Para fazer o título desse texto pedi licença para a entrevistada. E vi o meu preconceito. Como assim, largar tudo para ser mãe? Acho que, no fundo, eu senti um pouco de inveja e até uma inconformidade: ralei a vida inteira, tive dois filhos, construí isso e aquilo e a Liana vem e me diz que largou a “minha vida” para APENAS ser mãe? E, então, vem uma cena que vivi em frente ao sinal vermelho, carro parado, olho para o lado e vejo uma mendiga com dois filhos pequenos, um de colo, sorrindo brincando com eles. Era umas 10h da manhã e eu já havia feito umas duas jornadas. Fiquei colada no que via. Eu queria TAMBÉM aquilo que aquela mulher tinha. A mulher de rua tinha o que eu não conseguia concretizar. A divagação acabou com a buzina do carro atrás me lembrando que eu deveria seguir para a minha vida. A que escolhi. E escolhemos mesmo?

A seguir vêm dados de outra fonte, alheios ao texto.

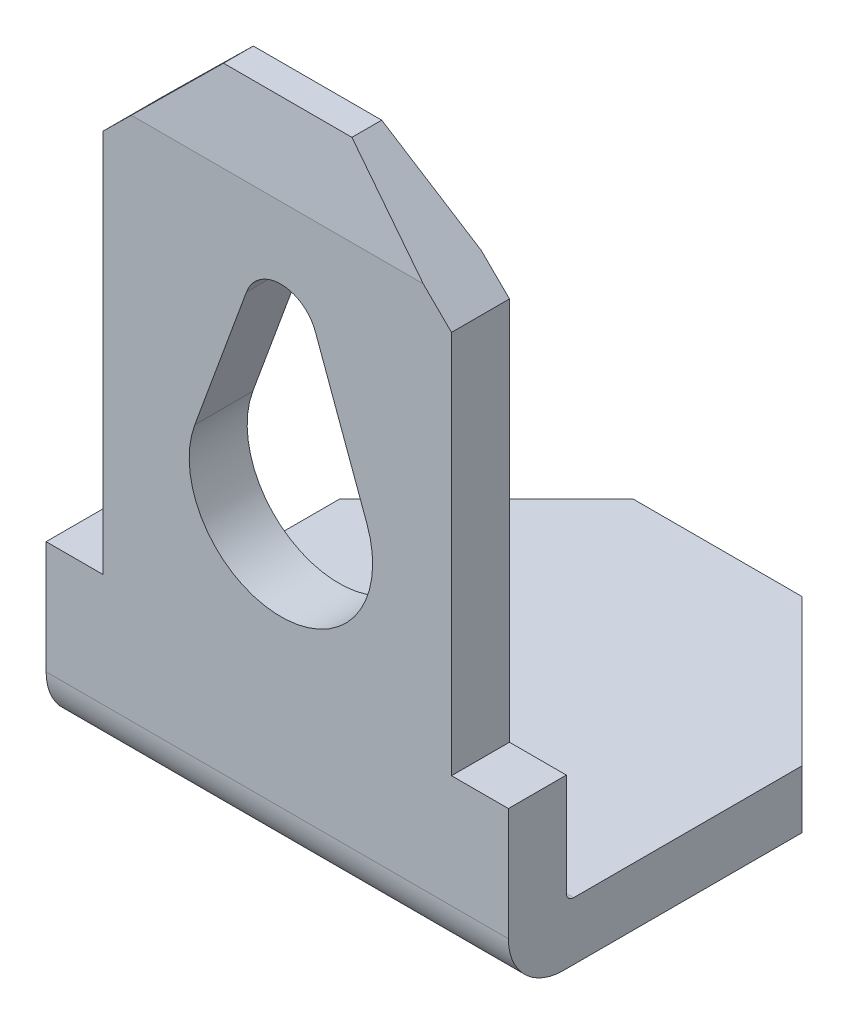
ISO-10303-21;
HEADER;
FILE_DESCRIPTION(('STEP AP214'),'2;1');
FILE_NAME('part.step','',(''),(''),'','','');
FILE_SCHEMA(('AUTOMOTIVE_DESIGN { 1 0 10303 214 1 1 1 1 }'));
ENDSEC;
DATA;
#1=APPLICATION_CONTEXT('core data for automotive mechanical design processes');
#2=APPLICATION_PROTOCOL_DEFINITION('international standard','automotive_design',2000,#1);
#3=PRODUCT_CONTEXT('',#1,'mechanical');
#4=PRODUCT('Part','Part','',(#3));
#5=PRODUCT_RELATED_PRODUCT_CATEGORY('part','',(#4));
#6=PRODUCT_DEFINITION_FORMATION('','',#4);
#7=PRODUCT_DEFINITION_CONTEXT('part definition',#1,'design');
#8=PRODUCT_DEFINITION('design','',#6,#7);
#9=PRODUCT_DEFINITION_SHAPE('','',#8);
#10=(LENGTH_UNIT() NAMED_UNIT(*) SI_UNIT(.MILLI.,.METRE.));
#11=(NAMED_UNIT(*) PLANE_ANGLE_UNIT() SI_UNIT($,.RADIAN.));
#12=(NAMED_UNIT(*) SI_UNIT($,.STERADIAN.) SOLID_ANGLE_UNIT());
#13=UNCERTAINTY_MEASURE_WITH_UNIT(LENGTH_MEASURE(1.E-05),#10,'distance_accuracy_value','');
#14=(GEOMETRIC_REPRESENTATION_CONTEXT(3) GLOBAL_UNCERTAINTY_ASSIGNED_CONTEXT((#13)) GLOBAL_UNIT_ASSIGNED_CONTEXT((#10,
#11,#12)) REPRESENTATION_CONTEXT('',''));
#15=CARTESIAN_POINT('',(0.,0.,0.));
#16=DIRECTION('',(0.,0.,1.));
#17=DIRECTION('',(1.,0.,0.));
#18=AXIS2_PLACEMENT_3D('',#15,#16,#17);
#19=CARTESIAN_POINT('',(6.3,7.11,0.));
#20=DIRECTION('',(0.,-0.214348018272917,0.976757353216485));
#21=DIRECTION('',(0.,-0.976757353216485,-0.214348018272917));
#22=AXIS2_PLACEMENT_3D('',#19,#20,#21);
#23=PLANE('',#22);
#24=DIRECTION('',(-1.,0.,0.));
#25=VECTOR('',#24,1.);
#26=CARTESIAN_POINT('',(6.3,8.21,0.24139344262295));
#27=LINE('',#26,#25);
#28=CARTESIAN_POINT('',(4.025,8.21,0.241393442622949));
#29=VERTEX_POINT('',#28);
#30=CARTESIAN_POINT('',(2.275,8.21,0.241393442622949));
#31=VERTEX_POINT('',#30);
#32=EDGE_CURVE('E204',#29,#31,#27,.T.);
#33=ORIENTED_EDGE('',*,*,#32,.F.);
#34=DIRECTION('',(0.703347952461325,-0.69432379783991,-0.152368374414198));
#35=VECTOR('',#34,1.);
#36=CARTESIAN_POINT('',(5.71349472092454,6.54316914741508,-0.124390228082159));
#37=LINE('',#36,#35);
#38=CARTESIAN_POINT('',(5.13929674470966,7.11,0.));
#39=VERTEX_POINT('',#38);
#40=EDGE_CURVE('E186',#29,#39,#37,.T.);
#41=ORIENTED_EDGE('',*,*,#40,.T.);
#42=DIRECTION('',(-1.,0.,0.));
#43=VECTOR('',#42,1.);
#44=CARTESIAN_POINT('',(6.3,7.11,0.));
#45=LINE('',#44,#43);
#46=CARTESIAN_POINT('',(1.16070325529034,7.11,0.));
#47=VERTEX_POINT('',#46);
#48=EDGE_CURVE('E244',#39,#47,#45,.T.);
#49=ORIENTED_EDGE('',*,*,#48,.T.);
#50=DIRECTION('',(0.703347952461325,0.69432379783991,0.152368374414198));
#51=VECTOR('',#50,1.);
#52=CARTESIAN_POINT('',(3.70310483513415,9.61978184321707,0.550768072151585));
#53=LINE('',#52,#51);
#54=EDGE_CURVE('E252',#47,#31,#53,.T.);
#55=ORIENTED_EDGE('',*,*,#54,.T.);
#56=EDGE_LOOP('',(#33,#41,#49,#55));
#57=FACE_BOUND('',#56,.T.);
#58=ADVANCED_FACE('F32',(#57),#23,.F.);
#59=CARTESIAN_POINT('',(6.3,8.21,0.24139344262295));
#60=DIRECTION('',(0.,-1.,0.));
#61=DIRECTION('',(0.,0.,-1.));
#62=AXIS2_PLACEMENT_3D('',#59,#60,#61);
#63=PLANE('',#62);
#64=DIRECTION('',(-1.,0.,0.));
#65=VECTOR('',#64,1.);
#66=CARTESIAN_POINT('',(6.3,8.21,0.64713114754098));
#67=LINE('',#66,#65);
#68=CARTESIAN_POINT('',(4.025,8.21,0.647131147540979));
#69=VERTEX_POINT('',#68);
#70=CARTESIAN_POINT('',(2.275,8.21,0.647131147540979));
#71=VERTEX_POINT('',#70);
#72=EDGE_CURVE('E201',#69,#71,#67,.T.);
#73=ORIENTED_EDGE('',*,*,#72,.F.);
#74=DIRECTION('',(0.,0.,1.));
#75=VECTOR('',#74,1.);
#76=CARTESIAN_POINT('',(4.025,8.21,-5.21));
#77=LINE('',#76,#75);
#78=EDGE_CURVE('E181',#29,#69,#77,.T.);
#79=ORIENTED_EDGE('',*,*,#78,.F.);
#80=ORIENTED_EDGE('',*,*,#32,.T.);
#81=DIRECTION('',(0.,0.,1.));
#82=VECTOR('',#81,1.);
#83=CARTESIAN_POINT('',(2.275,8.21,-5.21));
#84=LINE('',#83,#82);
#85=EDGE_CURVE('E196',#31,#71,#84,.T.);
#86=ORIENTED_EDGE('',*,*,#85,.T.);
#87=EDGE_LOOP('',(#73,#79,#80,#86));
#88=FACE_BOUND('',#87,.T.);
#89=ADVANCED_FACE('F413',(#88),#63,.F.);
#90=CARTESIAN_POINT('',(6.3,8.21,0.64713114754098));
#91=DIRECTION('',(0.,-0.128798962302804,-0.991670725245896));
#92=DIRECTION('',(0.,0.991670725245896,-0.128798962302804));
#93=AXIS2_PLACEMENT_3D('',#90,#91,#92);
#94=PLANE('',#93);
#95=DIRECTION('',(-1.,0.,0.));
#96=VECTOR('',#95,1.);
#97=CARTESIAN_POINT('',(6.3,7.11,0.79));
#98=LINE('',#97,#96);
#99=CARTESIAN_POINT('',(5.13929674470966,7.11,0.79));
#100=VERTEX_POINT('',#99);
#101=CARTESIAN_POINT('',(1.16070325529034,7.11,0.79));
#102=VERTEX_POINT('',#101);
#103=EDGE_CURVE('E193',#100,#102,#98,.T.);
#104=ORIENTED_EDGE('',*,*,#103,.F.);
#105=DIRECTION('',(-0.708713311399784,0.69962031769454,-0.0908672290418487));
#106=VECTOR('',#105,1.);
#107=CARTESIAN_POINT('',(5.16767461889319,7.0819862220274,0.793638451192715));
#108=LINE('',#107,#106);
#109=EDGE_CURVE('E178',#100,#69,#108,.T.);
#110=ORIENTED_EDGE('',*,*,#109,.T.);
#111=ORIENTED_EDGE('',*,*,#72,.T.);
#112=DIRECTION('',(-0.708713311399784,-0.69962031769454,0.0908672290418487));
#113=VECTOR('',#112,1.);
#114=CARTESIAN_POINT('',(4.29665509496487,10.2057166841054,0.387925918003296));
#115=LINE('',#114,#113);
#116=EDGE_CURVE('E200',#71,#102,#115,.T.);
#117=ORIENTED_EDGE('',*,*,#116,.T.);
#118=EDGE_LOOP('',(#104,#110,#111,#117));
#119=FACE_BOUND('',#118,.T.);
#120=ADVANCED_FACE('F199',(#119),#94,.F.);
#121=CARTESIAN_POINT('',(6.3,7.11,0.79));
#122=DIRECTION('',(0.,0.,-1.));
#123=DIRECTION('',(0.,1.,0.));
#124=AXIS2_PLACEMENT_3D('',#121,#122,#123);
#125=PLANE('',#124);
#126=DIRECTION('',(-0.344583937553277,-0.938755511291561,0.));
#127=VECTOR('',#126,1.);
#128=CARTESIAN_POINT('',(2.73062224435422,5.80882986931079,0.789999999999999));
#129=LINE('',#128,#127);
#130=CARTESIAN_POINT('',(2.73062224435422,5.80882986931079,0.79));
#131=VERTEX_POINT('',#130);
#132=CARTESIAN_POINT('',(2.02655561088555,3.89072992194159,0.789999999999999));
#133=VERTEX_POINT('',#132);
#134=EDGE_CURVE('E293',#131,#133,#129,.T.);
#135=ORIENTED_EDGE('',*,*,#134,.F.);
#136=CARTESIAN_POINT('',(3.2,5.63653790053415,0.789999999999999));
#137=DIRECTION('',(0.,0.,1.));
#138=DIRECTION('',(1.,0.,0.));
#139=AXIS2_PLACEMENT_3D('',#136,#137,#138);
#140=CIRCLE('',#139,0.5);
#141=CARTESIAN_POINT('',(3.66963395220552,5.8081302981974,0.789999999999999));
#142=VERTEX_POINT('',#141);
#143=EDGE_CURVE('E269',#142,#131,#140,.T.);
#144=ORIENTED_EDGE('',*,*,#143,.F.);
#145=DIRECTION('',(-0.344584192655147,0.938755417652649,0.));
#146=VECTOR('',#145,1.);
#147=CARTESIAN_POINT('',(3.66963395220552,5.8081302981974,0.789999999999999));
#148=LINE('',#147,#146);
#149=CARTESIAN_POINT('',(4.37344427206581,3.89073024081893,0.789999999999999));
#150=VERTEX_POINT('',#149);
#151=EDGE_CURVE('E299',#150,#142,#148,.T.);
#152=ORIENTED_EDGE('',*,*,#151,.F.);
#153=CARTESIAN_POINT('',(3.2,3.46,0.789999999999999));
#154=DIRECTION('',(0.,0.,1.));
#155=DIRECTION('',(1.,0.,0.));
#156=AXIS2_PLACEMENT_3D('',#153,#154,#155);
#157=CIRCLE('',#156,1.25);
#158=EDGE_CURVE('E296',#133,#150,#157,.T.);
#159=ORIENTED_EDGE('',*,*,#158,.F.);
#160=EDGE_LOOP('',(#135,#144,#152,#159));
#161=FACE_BOUND('',#160,.T.);
#162=DIRECTION('',(0.,-1.,0.));
#163=VECTOR('',#162,1.);
#164=CARTESIAN_POINT('',(5.525,1.49672365683442,0.789999999999999));
#165=LINE('',#164,#163);
#166=CARTESIAN_POINT('',(5.525,6.729245427366,0.79));
#167=VERTEX_POINT('',#166);
#168=CARTESIAN_POINT('',(5.525,1.49672365683442,0.789999999999999));
#169=VERTEX_POINT('',#168);
#170=EDGE_CURVE('E195',#167,#169,#165,.T.);
#171=ORIENTED_EDGE('',*,*,#170,.F.);
#172=DIRECTION('',(0.711657426770076,-0.702526659225822,0.));
#173=VECTOR('',#172,1.);
#174=CARTESIAN_POINT('',(5.54449556096771,6.71,0.79));
#175=LINE('',#174,#173);
#176=EDGE_CURVE('E54',#100,#167,#175,.T.);
#177=ORIENTED_EDGE('',*,*,#176,.F.);
#178=ORIENTED_EDGE('',*,*,#103,.T.);
#179=DIRECTION('',(0.711657426770076,0.702526659225822,0.));
#180=VECTOR('',#179,1.);
#181=CARTESIAN_POINT('',(0.755504439032288,6.71,0.79));
#182=LINE('',#181,#180);
#183=CARTESIAN_POINT('',(0.775,6.729245427366,0.79));
#184=VERTEX_POINT('',#183);
#185=EDGE_CURVE('E561',#184,#102,#182,.T.);
#186=ORIENTED_EDGE('',*,*,#185,.F.);
#187=DIRECTION('',(0.,1.,0.));
#188=VECTOR('',#187,1.);
#189=CARTESIAN_POINT('',(0.775,1.49672365683442,0.789999999999999));
#190=LINE('',#189,#188);
#191=CARTESIAN_POINT('',(0.775,1.49672365683442,0.789999999999999));
#192=VERTEX_POINT('',#191);
#193=EDGE_CURVE('E270',#192,#184,#190,.T.);
#194=ORIENTED_EDGE('',*,*,#193,.F.);
#195=DIRECTION('',(1.,0.,0.));
#196=VECTOR('',#195,1.);
#197=CARTESIAN_POINT('',(0.,1.49672365683442,0.789999999999999));
#198=LINE('',#197,#196);
#199=CARTESIAN_POINT('',(0.,1.49672365683442,0.789999999999999));
#200=VERTEX_POINT('',#199);
#201=EDGE_CURVE('E263',#200,#192,#198,.T.);
#202=ORIENTED_EDGE('',*,*,#201,.F.);
#203=DIRECTION('',(0.,-1.,0.));
#204=VECTOR('',#203,1.);
#205=CARTESIAN_POINT('',(0.,7.11,0.79));
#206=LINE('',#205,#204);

A Liana escolheu. Não assim, tudo lindo, um piano ao fundo tocando uma sonata de Beethoven e todos olhando para câmera sorrindo. Foi um parto parir seu desejo de ficar com a filha. APENAS? hahahaha. Só gargalhando! Filho é tarefa para os 12 trabalhos de Hércules, para um Zeus. Aliás, duvido que esses dois teriam força para cuidar das crianças do Olimpo.
A Liana nos conta como foi a decisão e como se sente hoje, com a filha já crescida.
Boa leitura.
Fátima Torri, a editora.
Quando eu engravidei, eu morava em Florianópolis. Acabei indo para lá, o Leonardo fazia doutorado e eu comecei o mestrado. Eu sou formada em turismo e comecei a fazer o mestrado na federal de Santa Catarina. Os dois na mesma área de engenharia de produção. Aí eu engravidei e continuei fazendo tudo. Fiz as disciplinas e ele foi com o salário e com o emprego aqui em Porto Alegre.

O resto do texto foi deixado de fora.